In the entries that follow, the lines from the one with "# Sketch1 → Boss-Extrude1 (new body)" through the one with "Line((-30, 5), (-27.041634566, 5))" are the ones to write out, exactly and with both ends included. Nothing else should appear.

• • • • •

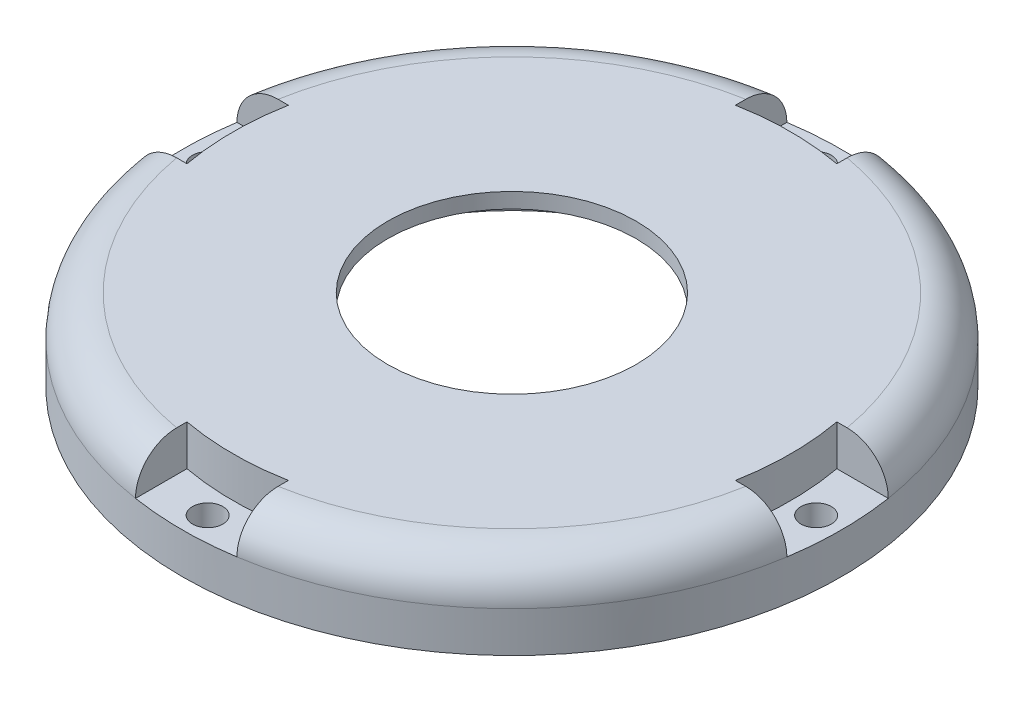
from build123d import *
from build123d.topology import SkipClean

# Parameters (mm, degrees)
SKETCH1_R           = 32.5
SKETCH1_R_2         = 27.5
BOSS_EXTRUDE1_DEPTH = 4
BOSS_EXTRUDE2_DEPTH = 4
SKETCH3_R           = 1.5
CUT_EXTRUDE1_DEPTH  = 6
BOSS_EXTRUDE4_START = -8
SKETCH7_R           = 25
BOSS_EXTRUDE4_DEPTH = 8
SKETCH8_R           = 27.5
SKETCH8_R_2         = 12.25
BOSS_EXTRUDE5_DEPTH = 4
SKETCH10_R          = 25
SKETCH10_R_2        = 12.25
BOSS_EXTRUDE6_DEPTH = 4
FILLET3_R           = 4
SKETCH11_R          = 21.25
CUT_EXTRUDE2_DEPTH  = 4
SKETCH14_R          = 18.5
CUT_EXTRUDE3_DEPTH  = 2.5


with BuildPart() as part:
    # Sketch1 → Boss-Extrude1 (new body)
    with BuildSketch(Plane(origin=(0, 0, 0), x_dir=(1, 0, 0), z_dir=(0, 1, 0))):
        with Locations(Location((0, 0, 0), (0, 0, 270))):
            Circle(SKETCH1_R)
        with Locations(Location((0, 0, 0), (0, 0, 270))):
            Circle(SKETCH1_R_2, mode=Mode.SUBTRACT)
    extrude(amount=BOSS_EXTRUDE1_DEPTH)

    # Sketch2 → Boss-Extrude2 (add)
    with SkipClean():  # the faces are left unmerged after this step: merging them gives an invalid solid
        with BuildSketch(Plane(origin=(0, 4, 0), x_dir=(1, 0, 0), z_dir=(0, 1, 0))):
            with BuildLine():
                ThreePointArc((-5, 32.113081447), (-22.980970389, 22.980970389), (-32.113081447, 5))
                Line((-32.113081447, 5), (-30, 5))
                Line((-30, 5), (-27.041634566, 5))
                ThreePointArc((-27.041634566, 5), (-19.445436483, 19.445436483), (-5, 27.041634566))
                Line((-5, 27.041634566), (-5, 32.113081447))
            make_face()
            with BuildLine():
                Line((-27.041634566, -5), (-32.113081447, -5))
                ThreePointArc((-32.113081447, -5), (-22.980970389, -22.980970389), (-5, -32.113081447))
                Line((-5, -32.113081447), (-5, -27.041634566))
                ThreePointArc((-5, -27.041634566), (-19.445436483, -19.445436483), (-27.041634566, -5))
            make_face()
            with BuildLine():
                Line((5, -27.041634566), (5, -32.113081447))
                ThreePointArc((5, -32.113081447), (22.980970389, -22.980970389), (32.113081447, -5))
                Line((32.113081447, -5), (27.041634566, -5))
                ThreePointArc((27.041634566, -5), (19.445436483, -19.445436483), (5, -27.041634566))
            make_face()
            with BuildLine():
                ThreePointArc((32.113081447, 5), (22.980970389, 22.980970389), (5, 32.113081447))
                Line((5, 32.113081447), (5, 27.041634566))
                ThreePointArc((5, 27.041634566), (19.445436483, 19.445436483), (27.041634566, 5))
                Line((27.041634566, 5), (32.113081447, 5))
            make_face()
        extrude(amount=BOSS_EXTRUDE2_DEPTH)

    # Sketch3 → Cut-Extrude1 (cut)
    with SkipClean():  # the faces are left unmerged after this step: merging them gives an invalid solid
        with BuildSketch(Plane(origin=(0, 4, 0), x_dir=(1, 0, 0), z_dir=(0, 1, 0))):
            with Locations(Location((0, 30, 0), (0, 0, 270))):
                Circle(SKETCH3_R)
            with Locations(Location((30, 0, 0), (0, 0, 270))):
                Circle(SKETCH3_R)
            with Locations(Location((0, -30, 0), (0, 0, 270))):
                Circle(SKETCH3_R)
            with Locations(Location((-30, 0, 0), (0, 0, 270))):
                Circle(SKETCH3_R)
        extrude(amount=-CUT_EXTRUDE1_DEPTH, mode=Mode.SUBTRACT)

    # Sketch7 → Boss-Extrude4 (add)
    # profile 1 of 5: a face of its own
    with BuildSketch(Plane(origin=(0, 8, 0), x_dir=(1, 0, 0), z_dir=(0, 1, 0)).offset(BOSS_EXTRUDE4_START)):
        with BuildLine():
            ThreePointArc((-27.041634566, 5), (-19.445436483, 19.445436483), (-5, 27.041634566))
            Line((-5, 27.041634566), (-5, 32.113081447))
            ThreePointArc((-5, 32.113081447), (-22.980970389, 22.980970389), (-32.113081447, 5))
            Line((-32.113081447, 5), (-27.041634566, 5))
        make_face()
    # profile 2 of 5: a face of its own
    with BuildSketch(Plane(origin=(0, 8, 0), x_dir=(1, 0, 0), z_dir=(0, 1, 0)).offset(BOSS_EXTRUDE4_START)):
        with BuildLine():
            Line((27.041634566, 5), (32.113081447, 5))
            ThreePointArc((32.113081447, 5), (22.980970389, 22.980970389), (5, 32.113081447))
            Line((5, 32.113081447), (5, 27.041634566))
            ThreePointArc((5, 27.041634566), (19.445436483, 19.445436483), (27.041634566, 5))
        make_face()
    # profile 3 of 5: a face of its own
    with BuildSketch(Plane(origin=(0, 8, 0), x_dir=(1, 0, 0), z_dir=(0, 1, 0)).offset(BOSS_EXTRUDE4_START)):
        with BuildLine():
            Line((5, -27.041634566), (5, -32.113081447))
            ThreePointArc((5, -32.113081447), (22.980970389, -22.980970389), (32.113081447, -5))
            Line((32.113081447, -5), (27.041634566, -5))
            ThreePointArc((27.041634566, -5), (19.445436483, -19.445436483), (5, -27.041634566))
        make_face()
    # profile 4 of 5: a face of its own
    with BuildSketch(Plane(origin=(0, 8, 0), x_dir=(1, 0, 0), z_dir=(0, 1, 0)).offset(BOSS_EXTRUDE4_START)):
        with BuildLine():
            Line((-27.041634566, -5), (-32.113081447, -5))
            ThreePointArc((-32.113081447, -5), (-22.980970389, -22.980970389), (-5, -32.113081447))
            Line((-5, -32.113081447), (-5, -27.041634566))
            ThreePointArc((-5, -27.041634566), (-19.445436483, -19.445436483), (-27.041634566, -5))
        make_face()
    # profile 5 of 5: a face of its own
    with BuildSketch(Plane(origin=(0, 8, 0), x_dir=(1, 0, 0), z_dir=(0, 1, 0)).offset(BOSS_EXTRUDE4_START)):
        with BuildLine():
            ThreePointArc((-27.041634566, -5), (-19.445436483, -19.445436483), (-5, -27.041634566))
            ThreePointArc((-5, -27.041634566), (0, -27.5), (5, -27.041634566))
            ThreePointArc((5, -27.041634566), (19.445436483, -19.445436483), (27.041634566, -5))
            ThreePointArc((27.041634566, -5), (27.385168893, -2.510482965), (27.5, 0))
            ThreePointArc((27.5, 0), (27.385168893, 2.510482965), (27.041634566, 5))
            ThreePointArc((27.041634566, 5), (19.445436483, 19.445436483), (5, 27.041634566))
            ThreePointArc((5, 27.041634566), (0, 27.5), (-5, 27.041634566))
            ThreePointArc((-5, 27.041634566), (-19.445436483, 19.445436483), (-27.041634566, 5))
            ThreePointArc((-27.041634566, 5), (-27.5, 0), (-27.041634566, -5))
        make_face()
        with Locations(Location((0, 0, 0), (0, 0, 270))):
            Circle(SKETCH7_R, mode=Mode.SUBTRACT)
    extrude(amount=BOSS_EXTRUDE4_DEPTH)

    # Sketch8 → Boss-Extrude5 (add)
    with BuildSketch(Plane(origin=(0, 0, 0), x_dir=(-1, 0, 0), z_dir=(0, -1, 0))):
        Circle(SKETCH8_R)
        with Locations(Location((0, 0, 0), (0, 0, 90))):
            Circle(SKETCH8_R_2, mode=Mode.SUBTRACT)
    extrude(amount=-BOSS_EXTRUDE5_DEPTH)

    # Sketch10 → Boss-Extrude6 (add)
    with BuildSketch(Plane(origin=(0, 4, 0), x_dir=(1, 0, 0), z_dir=(0, 1, 0))):
        Circle(SKETCH10_R)
        with Locations(Location((0, 0, 0), (0, 0, 90))):
            Circle(SKETCH10_R_2, mode=Mode.SUBTRACT)
    extrude(amount=BOSS_EXTRUDE6_DEPTH)

    # Fillet3
    fillet3_edges = [part.edges().sort_by_distance(p)[0] for p in [
        (22.980970389, 8, -22.980970389),
        (22.980970389, 8, 22.980970389),
        (-22.980970389, 8, 22.980970389),
        (-22.980970389, 8, -22.980970389),
    ]]
    fillet(fillet3_edges, radius=FILLET3_R - 0.0001)  # a hair under: the kernel refuses the full size

    # Sketch11 → Cut-Extrude2 (cut)
    with BuildSketch(Plane.XZ):
        with Locations(Location((0, 0, 0), (0, 0, 270))):
            Circle(SKETCH11_R)
    extrude(amount=-CUT_EXTRUDE2_DEPTH, mode=Mode.SUBTRACT)

    # Sketch14 → Cut-Extrude3 (cut)
    with BuildSketch(Plane.XZ.offset(-4)):
        with Locations(Location((0, 0, 0), (0, 0, 270))):
            Circle(SKETCH14_R)
    extrude(amount=-CUT_EXTRUDE3_DEPTH, mode=Mode.SUBTRACT)


solid = part.part

• • • • •

**SOLUTION:**
    # Sketch1 → Boss-Extrude1 (new body)
    with BuildSketch(Plane(origin=(0, 0, 0), x_dir=(1, 0, 0), z_dir=(0, 1, 0))):
        with Locations(Location((0, 0, 0), (0, 0, 270))):
            Circle(SKETCH1_R)
        with Locations(Location((0, 0, 0), (0, 0, 270))):
            Circle(SKETCH1_R_2, mode=Mode.SUBTRACT)
    extrude(amount=BOSS_EXTRUDE1_DEPTH)

    # Sketch2 → Boss-Extrude2 (add)
    with SkipClean():  # the faces are left unmerged after this step: merging them gives an invalid solid
        with BuildSketch(Plane(origin=(0, 4, 0), x_dir=(1, 0, 0), z_dir=(0, 1, 0))):
            with BuildLine():
                ThreePointArc((-5, 32.113081447), (-22.980970389, 22.980970389), (-32.113081447, 5))
                Line((-32.113081447, 5), (-30, 5))
                Line((-30, 5), (-27.041634566, 5))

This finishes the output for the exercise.